Opal Lee is known around the world as “Juneteenth’s grandmother,” but she sees herself as “just a little old lady in tennis shoes meddling in everyone’s business.”
June 15 marks a year since she received the pen that President Joe Biden used to sign Senate bill P. 475. This makes June 11 the eleventh recognized national holiday and the first since Martin Luther King Jr. Day in 1986. This was an effort Lee has worked toward throughout her life. In 2016, she laced up her sneakers and made her first 1,400-mile run to DC to officially ask President Barack Obama to do what would take another five years.
During our conversation in early May, she reflected on this moment, how much work it took to get there, how much work remains. But first she said she was looking forward to meeting up with an old friend, a now valuable pastime.
“We meet for lunch and a good chat,” she said. “I’m very fine,” she added, “as busy as a cat on a hot tin roof.”
June 19 marks June 19, 1865, the date Union soldiers arrived in Galveston to announce enslaved blacks of their freedom—two and a half years after Abraham Lincoln issued the Emancipation Proclamation. Opal Lee’s efforts to discern the day began many years earlier. Her appearance at the signing of the June 16 law was the culmination of decades of ingenuity and resilience.
Lee has always been a link between people and someone who championed public relations. She was born in Marshall, Texas in 1926. After earning her master’s degree in Counseling and Guidance, Lee worked as a counselor for the Fort Worth Independent School District until her retirement.
After leaving the district, she finally had time to devote to her community in Fort Worth. She was a member of the North Texas branch of Habitat for Humanity and a founding member of Citizens Concerned with Human Dignity, a nonprofit organization that helps residents find affordable housing.
Lee helped found the Tarrant County Black Historical & Genealogical Society, a community-based initiative dedicated to preserving and preserving Black history in Fort Worth.

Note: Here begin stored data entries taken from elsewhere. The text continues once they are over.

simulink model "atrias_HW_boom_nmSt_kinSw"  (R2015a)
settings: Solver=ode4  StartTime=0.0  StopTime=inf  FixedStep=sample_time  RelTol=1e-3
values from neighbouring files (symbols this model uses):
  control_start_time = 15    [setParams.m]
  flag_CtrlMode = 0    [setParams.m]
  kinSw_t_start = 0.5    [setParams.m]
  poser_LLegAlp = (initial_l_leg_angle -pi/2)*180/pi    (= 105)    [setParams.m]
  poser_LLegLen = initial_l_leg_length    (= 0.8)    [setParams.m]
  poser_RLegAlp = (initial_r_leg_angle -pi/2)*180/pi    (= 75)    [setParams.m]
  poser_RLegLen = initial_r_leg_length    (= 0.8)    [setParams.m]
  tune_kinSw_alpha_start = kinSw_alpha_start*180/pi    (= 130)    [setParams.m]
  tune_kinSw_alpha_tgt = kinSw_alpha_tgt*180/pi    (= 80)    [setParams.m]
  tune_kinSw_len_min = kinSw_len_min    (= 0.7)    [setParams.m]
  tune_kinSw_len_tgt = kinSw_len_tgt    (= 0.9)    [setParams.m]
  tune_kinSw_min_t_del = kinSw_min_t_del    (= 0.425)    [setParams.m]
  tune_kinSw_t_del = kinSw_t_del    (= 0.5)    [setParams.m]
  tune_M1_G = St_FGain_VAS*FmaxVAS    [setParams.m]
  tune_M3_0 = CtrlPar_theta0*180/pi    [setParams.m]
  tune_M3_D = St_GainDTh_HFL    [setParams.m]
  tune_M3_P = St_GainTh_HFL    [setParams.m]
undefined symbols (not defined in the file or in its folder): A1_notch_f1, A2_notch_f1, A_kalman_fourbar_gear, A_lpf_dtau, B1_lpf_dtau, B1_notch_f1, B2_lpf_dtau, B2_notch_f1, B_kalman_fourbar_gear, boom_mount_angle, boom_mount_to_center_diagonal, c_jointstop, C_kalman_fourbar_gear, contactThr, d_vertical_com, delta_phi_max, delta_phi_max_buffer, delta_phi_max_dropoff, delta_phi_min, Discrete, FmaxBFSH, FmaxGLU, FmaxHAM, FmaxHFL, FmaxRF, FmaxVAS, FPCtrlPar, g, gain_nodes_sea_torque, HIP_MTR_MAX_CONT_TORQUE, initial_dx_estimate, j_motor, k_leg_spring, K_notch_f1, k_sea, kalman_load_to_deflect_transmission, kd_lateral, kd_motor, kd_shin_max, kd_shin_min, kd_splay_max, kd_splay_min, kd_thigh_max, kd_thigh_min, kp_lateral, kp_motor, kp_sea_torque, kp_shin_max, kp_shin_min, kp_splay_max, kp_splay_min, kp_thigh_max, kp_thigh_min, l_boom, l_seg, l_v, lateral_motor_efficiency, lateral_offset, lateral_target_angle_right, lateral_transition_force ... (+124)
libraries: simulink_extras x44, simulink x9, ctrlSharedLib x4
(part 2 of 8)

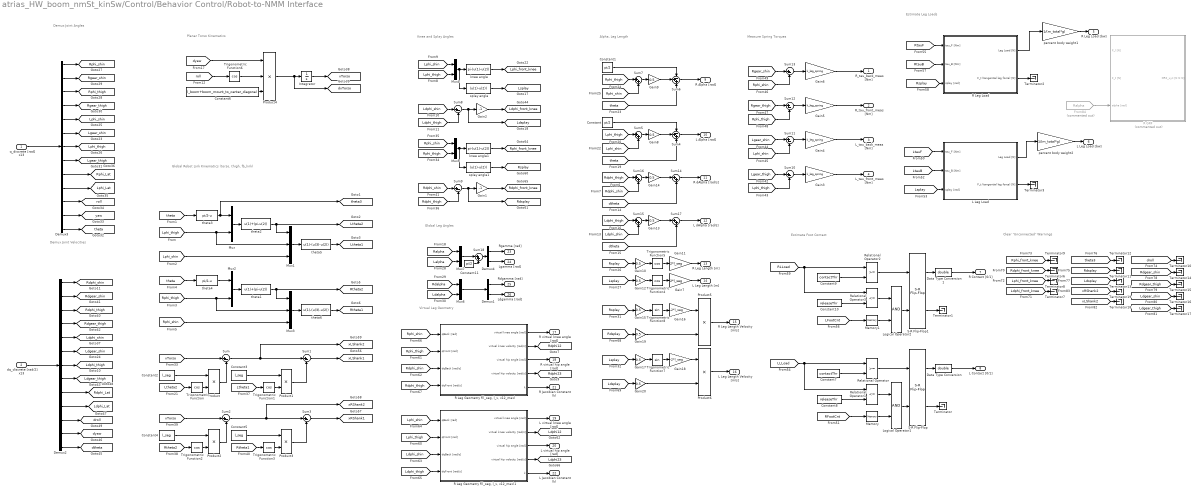
== system atrias_HW_boom_nmSt_kinSw/Control/Behavior Control/Robot-to-NMM Interface ==
  note: Global Robot Link Kinematics
      | (torso, thigh, fb_link)
  note: Planar Torso Kinematics
  note: Alpha, Leg Length
  note: Demux Joint
      | Angles
  note: Demux Joint
      | Velocities
  note: Knee and Splay Angles
  note: Virtual Leg Geometry
  note: Measure Spring Torques
  note: Estimate Leg Loads
  note: Estimate Foot Contact
  note: Clear "Unconnected" Warnings
  note: Global Leg Angles
  q_discrete [rad] x13 : Inport
  dq_discrete [rad/2] x13 : Inport  Port=2
  Constant : Constant  Value=pi/2
  Constant1 : Constant  Value=pi/2
  Constant10 : Constant  Value=releaseThr
  Constant11 : Constant  Value=pi/2
  Constant{2..5} (4 alike) : Constant  Value=l_seg
  Constant6 : Constant  Value=l_boom+boom_mount_to_center_diagonal
  Constant7 : Constant  Value=contactThr
  Constant8 : Constant  Value=releaseThr
  Constant9 : Constant  Value=contactThr
  Data Type Conversion : DataTypeConversion  OutDataTypeStr=double
  Data Type Conversion1 : DataTypeConversion  OutDataTypeStr=double
  Demux1 : Demux  Outputs=2
  Demux2 : Demux  Outputs=13
  Demux3 : Demux  Outputs=13
  Demux4 : Demux  Outputs=2
  From84 : From  Commented=on  GotoTag=Ralpha  TagVisibility=global
  Gain1 : Gain  Gain=-1
  Gain{8..10,12..15,17,19..20} (10 alike) : Gain  Gain=0.5
  Gain11 : Gain  Gain=2*l_seg
  Gain16 : Gain  Gain=-2*l_seg
  Gain18 : Gain  Gain=-2*l_seg
  Gain2 : Gain  Gain=-1
  Gain{3..6} (4 alike) : Gain  Gain=k_leg_spring
  Gain7 : Gain  Gain=2*l_seg
  Integrator : Integrator
  L Leg Load : Subsystem
  Logical Operator1 : Logic  AllPortsSameDT=off  OutDataTypeStr=boolean
  Logical Operator2 : Logic  AllPortsSameDT=off  OutDataTypeStr=boolean
  Memory : Memory
  Memory1 : Memory
  Mux{,2,4..7} (6 alike) : Mux  Inputs=2
  Mux1 : Mux  Inputs=3
  Mux3 : Mux  Inputs=3
  Product{,1..3,5..6} (6 alike) : Product
  Product4 : Product  Inputs=3
  R GRF : Subsystem  Commented=on
  "R Leg Geometry f(l_seg, l_v, v12_max)" : Subsystem
  "R Leg Geometry f(l_seg, l_v, v12_max)1" : Subsystem
  R Leg Load : Subsystem
  Relational Operator : RelationalOperator  OutDataTypeStr=boolean
  Relational Operator1 : RelationalOperator  Operator=<=  OutDataTypeStr=boolean
  Relational Operator2 : RelationalOperator  OutDataTypeStr=boolean
  Relational Operator3 : RelationalOperator  Operator=<=  OutDataTypeStr=boolean
  S-R Flip-Flop : simulink_extras/Flip Flops/S-R Flip-Flop  initial_condition=0
  S-R Flip-Flop1 : simulink_extras/Flip Flops/S-R Flip-Flop  initial_condition=0
  Sum{,1..3,8..13} (10 alike) : Sum  Inputs=|+-
  Sum{5,7,14..18} (7 alike) : Sum  Inputs=|++
  Sum4 : Sum  Inputs=-++
  Sum6 : Sum  Inputs=-++
  Terminator{,1..3,6..19} (18 alike) : Terminator
  Trigonometric Function{,1..6} (7 alike) : Trigonometry  Operator=cos
  Trigonometric Function7 : Trigonometry
  Trigonometric Function8 : Trigonometry
  knee angle : Fcn  Expr=pi-(u(1)-u(2))
  knee angle1 : Fcn  Expr=pi-(u(1)-u(2))
  percent body weight1 : Gain  Gain=1/(m_total*g)
  percent body weight2 : Gain  Gain=1/(m_total*g)
  splay angle : Fcn  Expr=(u(1)-u(2))
  splay angle1 : Fcn  Expr=(u(1)-u(2))
  theta1 : Fcn  Expr=u(1)+(pi-u(2))
  theta2 : Fcn  Expr=u(1)+(pi-u(2))
  theta3 : Fcn  Expr=pi/2-u
  theta4 : Fcn  Expr=pi/2-u
  theta5 : Fcn  Expr=u(1)-(u(3)-u(2))
  theta6 : Fcn  Expr=u(1)-(u(3)-u(2))
  R_tau_back_meas [Nm] : Outport
  R_tau_front_meas [Nm] : Outport  Port=2
  L_tau_back_meas [Nm] : Outport  Port=3
  L_tau_front_meas [Nm] : Outport  Port=4
  R Leg Load [bw] : Outport  Port=5
  L Leg Load [bw] : Outport  Port=6
  R Contact [0/1] : Outport  Port=7
  L Contact [0/1] : Outport  Port=8
  R Alpha [rad] : Outport  Port=9
  L Alpha [rad] : Outport  Port=10
  R dAlpha [rad/s] : Outport  Port=11
  L dAlpha [rad/s] : Outport  Port=12
  R Leg Length [m] : Outport  Port=13
  L Leg Length [m] : Outport  Port=14
  R Leg Length Velocity [m/s] : Outport  Port=15
  L Leg Length Velocity [m/s] : Outport  Port=16
  R virtual knee angle [rad] : Outport  Port=17
  R virtual hip angle [rad] : Outport  Port=18
  L virtual knee angle [rad] : Outport  Port=19
  L virtual hip angle [rad] : Outport  Port=20
  R Jacobian Constant (k) : Outport  Port=21
  L Jacobian Constant (k) : Outport  Port=22
  Rgamma [rad] : Outport  Port=23
  Lgamma [rad] : Outport  Port=24
  Rdgamma [rad] : Outport  Port=25
  Ldgamma [rad] : Outport  Port=26
  tag scope: Ldgear_shin=global, Ldgear_thigh=global, Ldphi12=global, Ldphi23=global, Ldphi_Lat=global, Ldphi_front_knee=global, Ldphi_shin=global, Ldphi_thigh=global, Ldsplay=global, Lgear_shin=global, Lgear_thigh=global, Lphi_Lat=global, Lphi_front_knee=global, Lphi_shin=global, Lphi_thigh=global, Lsplay=global, Ltheta1=global, Ltheta2=global, Rdgear_shin=global, Rdgear_thigh=global, Rdphi12=global, Rdphi23=global, Rdphi_Lat=global, Rdphi_front_knee=global, Rdphi_shin=global, Rdphi_thigh=global, Rdsplay=global, Rgear_shin=global, Rgear_thigh=global, Rphi_Lat=global, Rphi_front_knee=global, Rphi_shin=global, Rphi_thigh=global, Rsplay=global, Rtheta1=global, Rtheta2=global, droll=global, dtheta=global, dxTorso=global, dyaw=global, roll=global, theta3=global, theta=global, xLShank1=global, xLShank2=global, xRShank1=global, xRShank2=global, xTorso=global, yaw=global
  wires:
  Sum3/1 -> [xRShank1]
  Sum2/1 -> [xRShank2], Sum3/1
  Product3/1 -> Sum3/2
  Trigonometric Function3/1 -> Product3/2
  Constant2/1 -> Product/1
  Trigonometric Function/1 -> Product/2
  Sum1/1 -> [xLShank1]
  Constant3/1 -> Product1/1
  Trigonometric Function2/1 -> Product2/2
  Product1/1 -> Sum1/2
  [Rtheta2] -> Trigonometric Function2/1
  Sum/1 -> [xLShank2], Sum1/1
  [Ltheta1] -> Trigonometric Function1/1
  Product/1 -> Sum/2
  Product2/1 -> Sum2/2
  [xTorso] -> Sum2/1
  [Rtheta1] -> Trigonometric Function3/1
  Constant4/1 -> Product2/1
  Constant5/1 -> Product3/1
  [xTorso] -> Sum/1
  [Ltheta2] -> Trigonometric Function/1
  Product4/1 -> [dxTorso], Integrator/1
  Trigonometric Function1/1 -> Product1/2
  Integrator/1 -> [xTorso]
  [dyaw] -> Product4/1
  [theta] -> theta3/1
  [Lphi_thigh] -> Mux1/2, Mux/2
  theta3/1 -> Mux/1, [theta3]
  Mux/1 -> theta2/1
  theta2/1 -> Mux1/1, [Ltheta2]
  Mux1/1 -> theta5/1
  [Lphi_shin] -> Mux1/3
  [theta] -> theta4/1
  [Rphi_thigh] -> Mux3/2, Mux2/2
  theta4/1 -> Mux2/1
  Mux2/1 -> theta1/1
  theta1/1 -> Mux3/1, [Rtheta2]
  Mux3/1 -> theta6/1
  [Rphi_shin] -> Mux3/3
  theta5/1 -> [Ltheta1]
  theta6/1 -> [Rtheta1]
  [theta] -> Sum4/3
  Constant/1 -> Sum4/1
  [Lphi_thigh] -> Sum5/1
  [Lphi_shin] -> Sum5/2
  Sum5/1 -> Gain8/1
  Gain8/1 -> Sum4/2
  Sum4/1 -> L Alpha [rad]/1
  [theta] -> Sum6/3
  Constant1/1 -> Sum6/1
  [Rphi_thigh] -> Sum7/1
  [Rphi_shin] -> Sum7/2
  Sum7/1 -> Gain9/1
  Gain9/1 -> Sum6/2
  Sum6/1 -> R Alpha [rad]/1
  Gain12/1 -> Trigonometric Function4/1
  Gain10/1 -> Trigonometric Function5/1
  Trigonometric Function4/1 -> Gain7/1
  Trigonometric Function5/1 -> Gain11/1
  Demux3/1 -> [Rphi_shin]
  Demux3/2 -> [Rgear_shin]
  Demux3/3 -> [Rphi_thigh]
  Demux3/4 -> [Rgear_thigh]
  Demux3/5 -> [Lphi_shin]
  Demux3/6 -> [Lgear_shin]
  Demux3/7 -> [Lphi_thigh]
  Demux3/8 -> [Lgear_thigh]
  Demux3/9 -> [Rphi_Lat]
  Demux3/10 -> [Lphi_Lat]
  Demux3/11 -> [roll]
  Demux3/12 -> [yaw]
  Demux3/13 -> [theta]
  Demux2/13 -> [dtheta]
  Demux2/8 -> [Ldgear_thigh]
  Demux2/10 -> [Ldphi_Lat]
  Demux2/6 -> [Ldgear_shin]
  Demux2/9 -> [Rdphi_Lat]
  Demux2/11 -> [droll]
  Demux2/12 -> [dyaw]
  Demux2/4 -> [Rdgear_thigh]
  Demux2/5 -> [Ldphi_shin]
  Demux2/7 -> [Ldphi_thigh]
  Demux2/1 -> [Rdphi_shin]
  Demux2/3 -> [Rdphi_thigh]
  Demux2/2 -> [Rdgear_shin]
  q_discrete [rad] x13/1 -> Demux3/1
  dq_discrete [rad/2] x13/1 -> Demux2/1
  Mux4/1 -> splay angle/1, knee angle/1
  [Lphi_thigh] -> Mux4/2
  [Lphi_shin] -> Mux4/1
  knee angle/1 -> [Lphi_front_knee]
  [Ldphi_thigh] -> Sum8/2
  [Ldphi_shin] -> Sum8/1
  Sum8/1 -> [Ldsplay], Gain2/1
  Gain2/1 -> [Ldphi_front_knee]
  splay angle/1 -> [Lsplay]
  Trigonometric Function6/1 -> Product4/2
  [roll] -> Trigonometric Function6/1
  Constant6/1 -> Product4/3
  Mux5/1 -> splay angle1/1, knee angle1/1
  [Rphi_thigh] -> Mux5/2
  [Rphi_shin] -> Mux5/1
  knee angle1/1 -> [Rphi_front_knee]
  [Rdphi_thigh] -> Sum9/2
  [Rdphi_shin] -> Sum9/1
  Sum9/1 -> [Rdsplay], Gain1/1
  Gain1/1 -> [Rdphi_front_knee]
  splay angle1/1 -> [Rsplay]
  [Lgear_shin] -> Sum11/1
  Sum11/1 -> Gain4/1
  [Lphi_shin] -> Sum11/2
  Gain4/1 -> L_tau_back_meas [Nm]/1
  [Lgear_thigh] -> Sum10/1
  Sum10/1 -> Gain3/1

Her advocacy for Juneteenth grew out of this work.
“The only word I would use is persistence,” Lee said. “I’m just someone’s grandmother.”
For them, “June 16 means freedom.” The celebration was founded on this concept. The event itself got its name from the date enslaved people received the belated announcement from these Union soldiers. Texan slaveholders refused to recognize both the conclusion of the Civil War and the Proclamation of Emancipation, making Texas the last Confederate state to officially abolish slavery.
Juneteeth was primarily a Southern corporation, originating in Galveston, for about half a century until the Great Migration of the 1910s. The festival expanded beyond its southern heritage as black Americans spread across the country in search of better prospects and new opportunities. They brought their traditions with them.
Many black activists and advocates have lobbied for Juneteeth to become a national holiday since its expansion to other US states
“Knowing it’s going to be on the calendar, that people are going to be asking for it, knowing that June 16 will be known is mind-blowing,” Lee said, later adding that she felt “elated.” “I am delighted that so many people are learning about Juneteeth.”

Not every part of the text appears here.